As far as ships he designed it would be easier to list the ones he didn't he was the staff Naval Architect for USSC for a long time.
A funny story, I was going through some of the 90ish Maheno plans the other day and found some preliminary GA plans with a stamp" issued to H Dunn on 8 May 1967 for model making" signed W Waters, that was for his builders model. I showed him this as the model is still in Otago, I have photos of it along with the Kiamiro model he did.


----------



## Ahmed N (Mar 10, 2019)

Thank you Richard for this information. Funny story indeed. I certainly hope to be able to use these plans that you mentioned. My currently needed plans are the Line Plans, basic Framework plans and Interior plans. But I live in Canada so can all of these plans be ordered online ? I also think the Empress Of Austrailia may be designed by Mr Waters.
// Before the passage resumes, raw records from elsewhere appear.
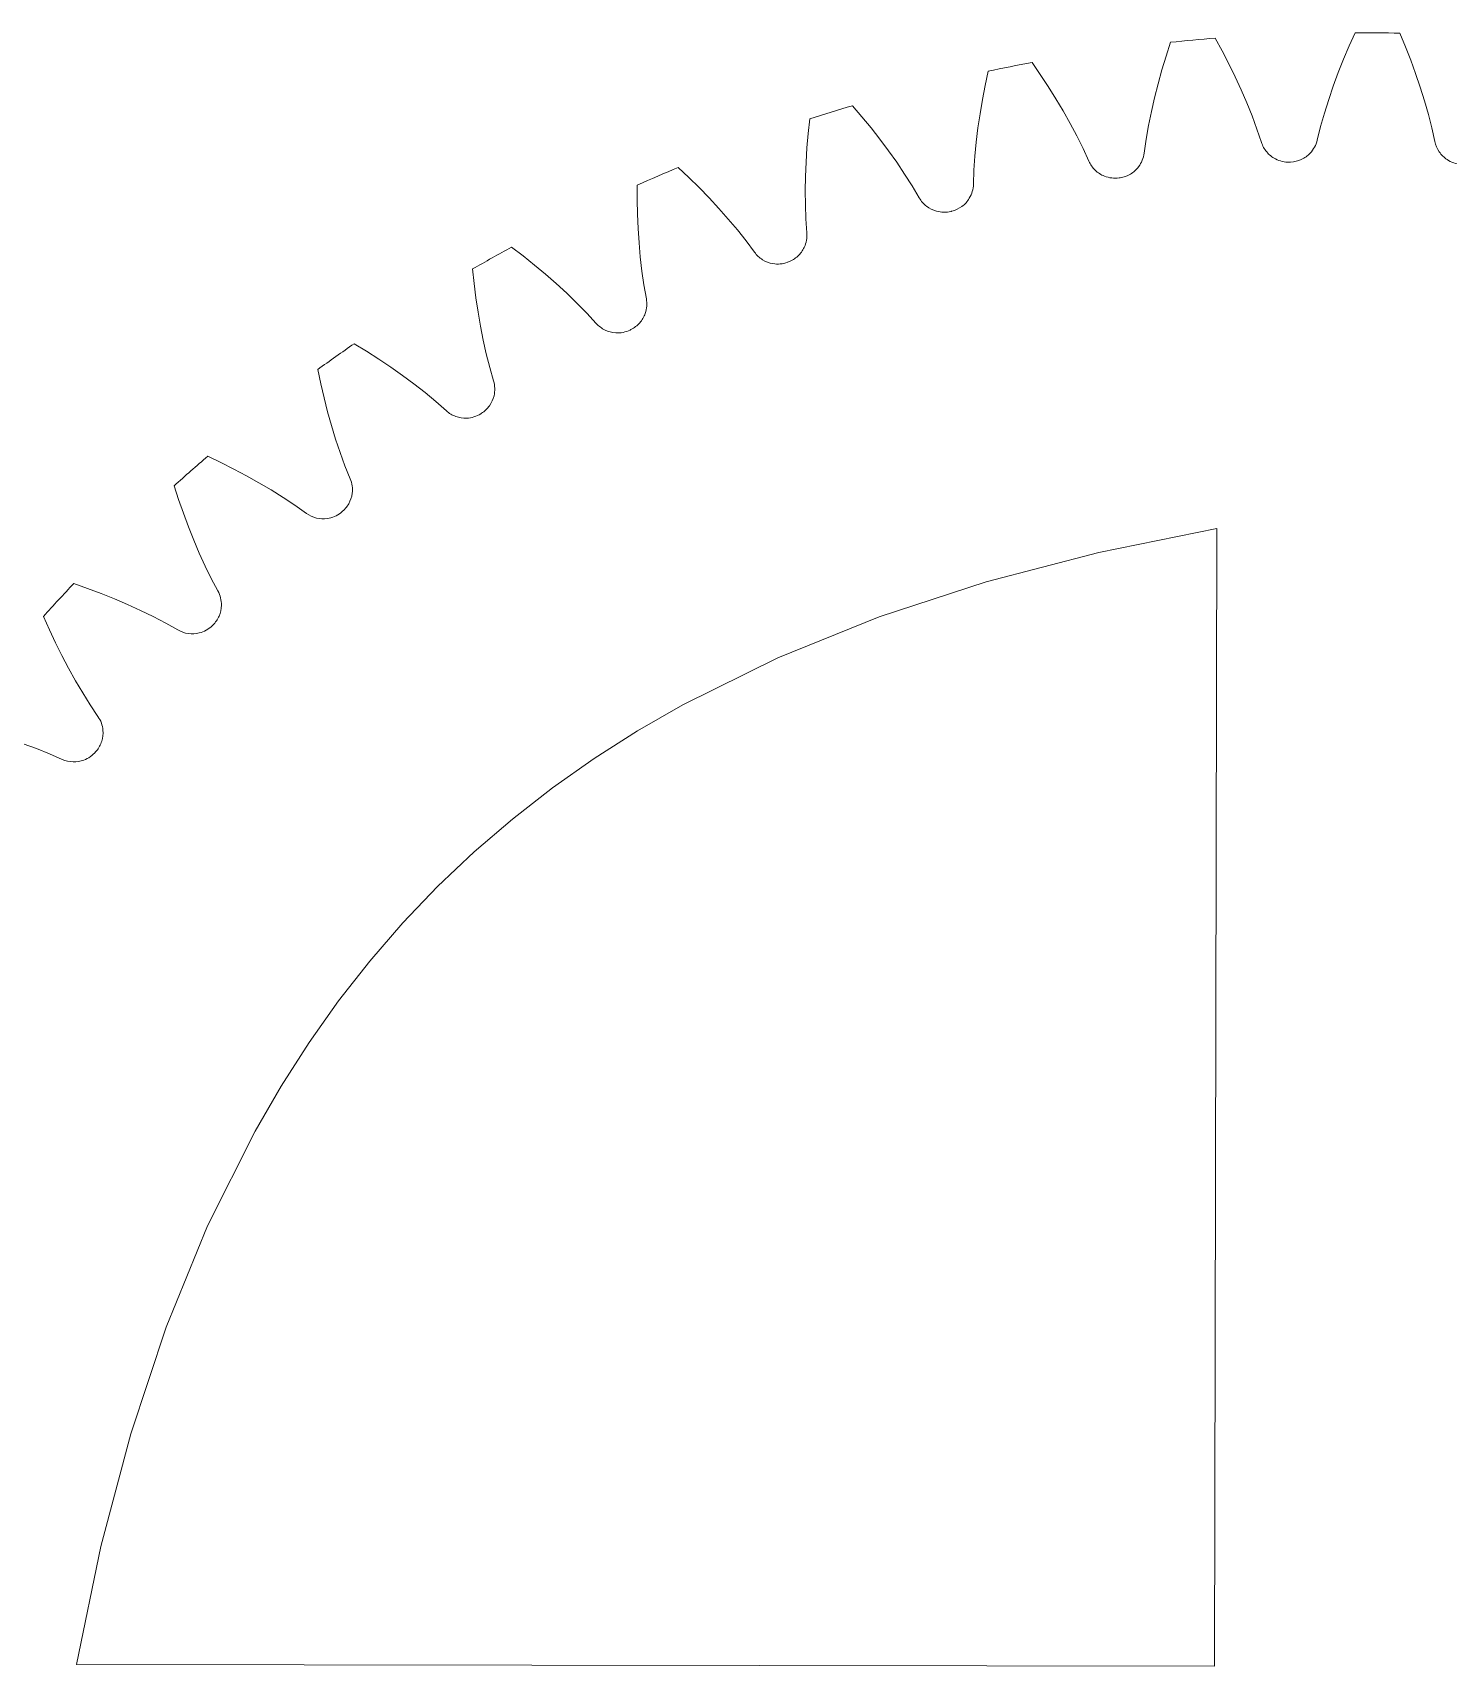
# Model space of a CAD drawing. Extents: x -180 to 228, y -304 to -8.
# Drawn here: x -35.4 to 23.9, y -91.8 to -23.4 of the extents above; entities that cross this region are included whole.
import ezdxf

# ---------------------------------------------------------------- set-up
doc = ezdxf.new("R2010")
doc.units = 0
doc.header["$MEASUREMENT"] = 0
doc.layers.add('Layer 1', color=7, linetype='Continuous')

# ---------------------------------------------------------------- blocks, each defined once
blk = doc.blocks.new('block 463')
at = {"layer": 'Layer 1', "color": 7, "lineweight": 9, "true_color": 0xffffff}
blk.add_open_spline([(23.294, -28.004), (23.325, -28.156), (23.386, -28.301), (23.473, -28.429), (23.56, -28.558), (23.671, -28.668), (23.8, -28.754), (23.887, -28.811), (23.98, -28.857), (24.079, -28.891), (24.177, -28.924), (24.279, -28.944), (24.383, -28.951)], degree=3, knots=[0, 0, 0, 0, 1, 1, 1, 2, 2, 2, 3, 3, 3, 4, 4, 4, 4], dxfattribs=at)
blk = doc.blocks.new('block 464')
at = {"layer": 'Layer 1', "color": 7, "lineweight": 9, "true_color": 0xffffff}
blk.add_lwpolyline([(23.294, -28.004), (23.165, -27.433), (23.019, -26.863), (22.856, -26.293), (22.677, -25.725), (22.484, -25.158), (22.277, -24.593), (22.056, -24.029), (21.823, -23.467)], dxfattribs=at)
blk = doc.blocks.new('block 465')
at = {"layer": 'Layer 1', "color": 7, "lineweight": 9, "true_color": 0xffffff}
blk.add_open_spline([(21.823, -23.467), (21.199, -23.451), (20.575, -23.443), (19.951, -23.443)], degree=3, dxfattribs=at)
blk = doc.blocks.new('block 466')
at = {"layer": 'Layer 1', "color": 7, "lineweight": 9, "true_color": 0xffffff}
blk.add_lwpolyline([(18.365, -27.941), (18.508, -27.374), (18.668, -26.807), (18.846, -26.242), (19.039, -25.679), (19.247, -25.117), (19.468, -24.557), (19.703, -23.999), (19.951, -23.443)], dxfattribs=at)
blk = doc.blocks.new('block 467')
at = {"layer": 'Layer 1', "color": 7, "lineweight": 9, "true_color": 0xffffff}
blk.add_open_spline([(17.251, -28.86), (17.406, -28.854), (17.559, -28.817), (17.7, -28.753), (17.841, -28.688), (17.968, -28.597), (18.074, -28.484), (18.145, -28.408), (18.206, -28.323), (18.255, -28.231), (18.304, -28.14), (18.341, -28.042), (18.365, -27.941)], degree=3, knots=[0, 0, 0, 0, 1, 1, 1, 2, 2, 2, 3, 3, 3, 4, 4, 4, 4], dxfattribs=at)
blk = doc.blocks.new('block 468')
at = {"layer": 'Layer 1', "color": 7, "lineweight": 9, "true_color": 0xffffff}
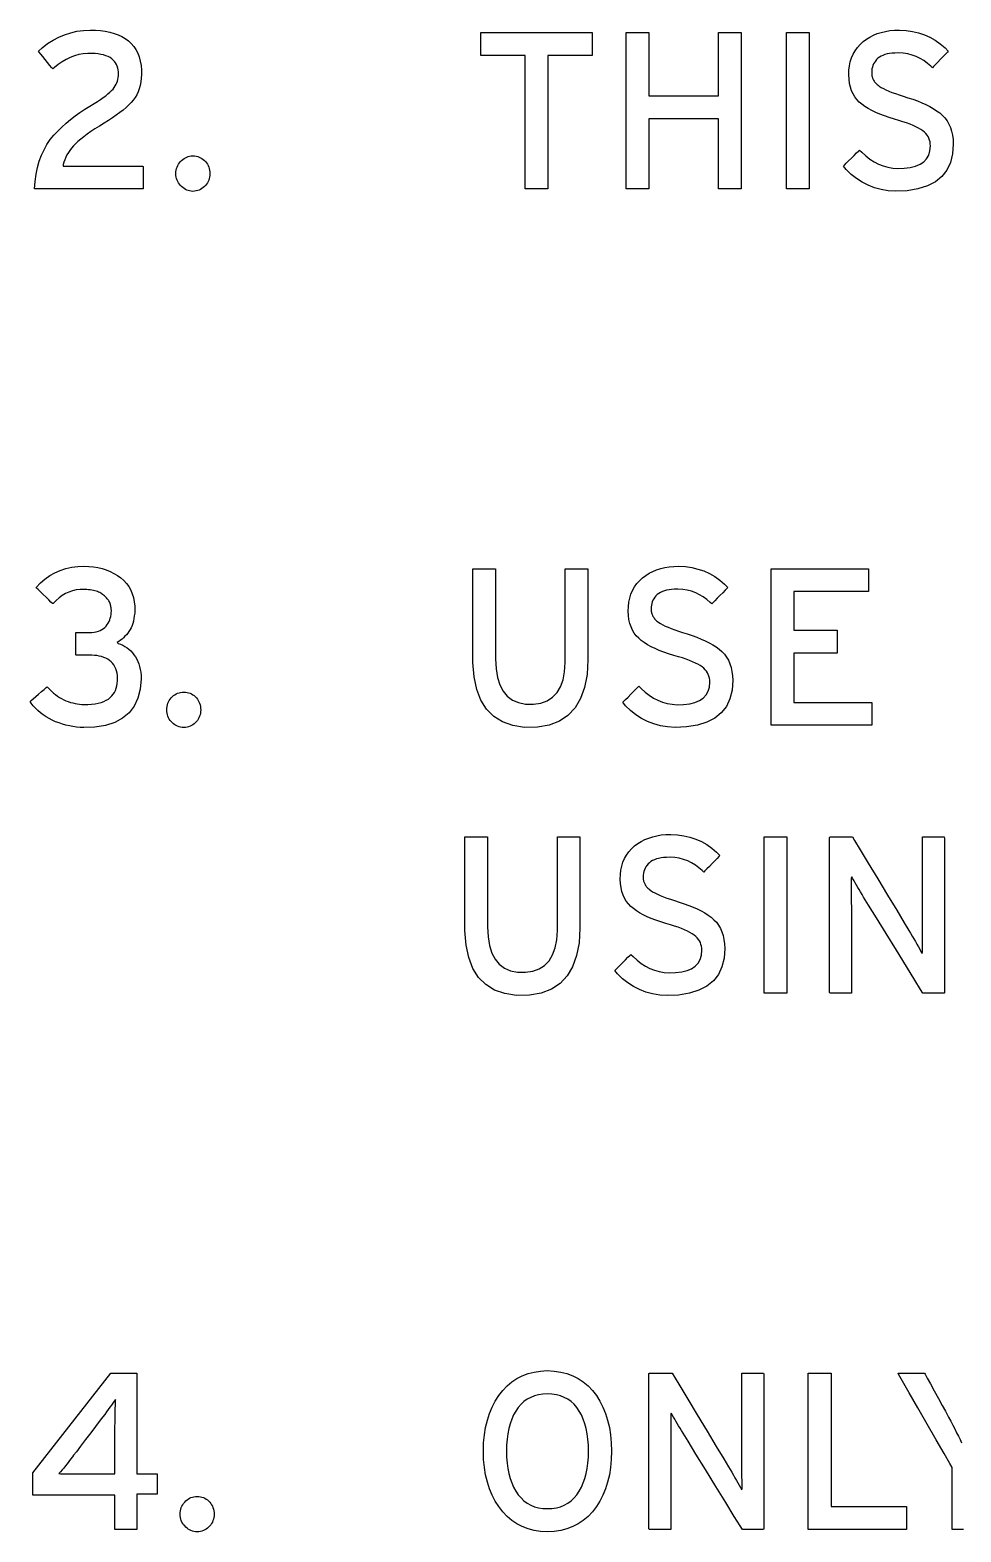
# Model space of a CAD drawing. Extents: x 1 to 47.7, y 0.2 to 35.
# Drawn here: x 1.018 to 2.581, y 24.496 to 27.017 of the extents above; entities that cross this region are included whole.
import ezdxf

# ---------------------------------------------------------------- set-up
doc = ezdxf.new("R2010")
doc.units = 0
doc.header["$MEASUREMENT"] = 0
doc.layers.add('7_0_____DWG', color=7, linetype='CONTINUOUS')

msp = doc.modelspace()

# ---------------------------------------------------------------- linework, layer by layer
at = {"layer": '7_0_____DWG'}
for points in [[(1.0254, 26.75), (1.0265, 26.7626), (1.0282, 26.7745), (1.0306, 26.7858), (1.0336, 26.7965), (1.0372, 26.8065), (1.0415, 26.8158), (1.0464, 26.8246), (1.0519, 26.8327), (1.0581, 26.8401), (1.0647, 26.8471), (1.0715, 26.8538), (1.0786, 26.8603), (1.086, 26.8666), (1.0937, 26.8726), (1.1016, 26.8783), (1.1099, 26.8838), (1.1183, 26.889), (1.1257, 26.8934), (1.1312, 26.8968), (1.1363, 26.9001), (1.1409, 26.9033), (1.1451, 26.9063), (1.1488, 26.9093), (1.1521, 26.9122), (1.1549, 26.9149), (1.1574, 26.9175), (1.1593, 26.9201), (1.1609, 26.9228), (1.1624, 26.9255), (1.1636, 26.9282), (1.1646, 26.931), (1.1654, 26.9338), (1.1659, 26.9367), (1.1663, 26.9397), (1.1664, 26.9426), (1.1663, 26.9462), (1.1659, 26.9496), (1.1652, 26.9528), (1.1643, 26.9559), (1.163, 26.9587), (1.1615, 26.9614), (1.1596, 26.9639), (1.1575, 26.9662), (1.1551, 26.9683), (1.1523, 26.9703), (1.149, 26.972), (1.1454, 26.9735), (1.1414, 26.9748), (1.137, 26.9758), (1.1322, 26.9766), (1.1271, 26.9771), (1.1215, 26.9774), (1.115, 26.9773), (1.1074, 26.9766), (1.0999, 26.9753), (1.0926, 26.9733), (1.0855, 26.9707), (1.0786, 26.9674), (1.0719, 26.9635), (1.0653, 26.9589), (1.059, 26.9537), (1.056, 26.9515), (1.0543, 26.9537), (1.0513, 26.9573), (1.0475, 26.9619), (1.0434, 26.967), (1.0394, 26.9719), (1.0359, 26.9763), (1.0333, 26.9795), (1.032, 26.981), (1.0386, 26.987), (1.0475, 26.9938), (1.0567, 26.9997), (1.0662, 27.0047), (1.0761, 27.0088), (1.0863, 27.0121), (1.0968, 27.0145), (1.1077, 27.016), (1.1188, 27.0166), (1.1278, 27.0164), (1.1363, 27.0157), (1.1443, 27.0146), (1.1519, 27.013), (1.1591, 27.011), (1.1658, 27.0085), (1.172, 27.0056), (1.1778, 27.0023), (1.1831, 26.9984), (1.1879, 26.994), (1.1921, 26.9891), (1.1957, 26.9837), (1.1988, 26.9778), (1.2012, 26.9714), (1.2031, 26.9646), (1.2044, 26.9573), (1.2051, 26.9495), (1.2051, 26.942), (1.2048, 26.9356), (1.204, 26.9295), (1.2029, 26.9237), (1.2014, 26.9181), (1.1995, 26.9129), (1.1972, 26.908), (1.1945, 26.9034), (1.1914, 26.899), (1.1878, 26.8949), (1.1837, 26.8908), (1.1792, 26.8866), (1.1742, 26.8823), (1.1687, 26.878), (1.1628, 26.8736), (1.1564, 26.8692), (1.1495, 26.8647), (1.1422, 26.8602), (1.1344, 26.8554), (1.127, 26.8507), (1.1202, 26.8462), (1.1139, 26.8418), (1.1082, 26.8376), (1.1031, 26.8335), (1.0984, 26.8296), (1.0944, 26.8258), (1.0908, 26.8221), (1.0877, 26.8184), (1.0849, 26.8146), (1.0823, 26.8108), (1.08, 26.8069), (1.078, 26.803), (1.0763, 26.799), (1.0749, 26.7949), (1.0737, 26.7908), (1.0737, 26.7881), (1.0815, 26.7881), (1.0966, 26.7881), (1.1166, 26.7881), (1.1392, 26.7881), (1.1618, 26.7881), (1.1823, 26.7881), (1.198, 26.7881), (1.2068, 26.7881), (1.2078, 26.7876), (1.2078, 26.7849), (1.2078, 26.7803), (1.2078, 26.7744), (1.2078, 26.7679), (1.2078, 26.7616), (1.2078, 26.7561), (1.2078, 26.752), (1.2078, 26.7501), (1.2037, 26.75), (1.1884, 26.75), (1.1645, 26.75), (1.1355, 26.75), (1.1045, 26.75), (1.0747, 26.75), (1.0495, 26.75), (1.032, 26.75)], [(2.568, 26.8253), (2.567, 26.8088), (2.5634, 26.7941), (2.5574, 26.7814), (2.549, 26.7707), (2.5381, 26.7618), (2.5247, 26.7549), (2.5088, 26.7499), (2.4905, 26.7468), (2.4714, 26.7459), (2.4589, 26.7469), (2.447, 26.7489), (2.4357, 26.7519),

Also was he responsible for the design of the Wahine's bridge? (most beautiful part of the ship)

Ahmed


----------



## Ahmed N (Mar 10, 2019)

Hello again Mr Dunn
How are you ?
I began working on the model of the Wahine
Trying to make the most out of the plans I have
From looking at the plans, it seems that most of the superstructure ie, bridge, funnel and cabin structure and windows line up with the shell framing of the ship. I have been crunching the numbers to try and figure out the spacing between the shell frames but it turns out that the shell framing towards the stern have a reduced spacing in between them than the rest of the frames which makes it difficult to figure out.
I also have my suspicions that decks a,b,c and the captains deck camber

Sincerely, Ahmed


----------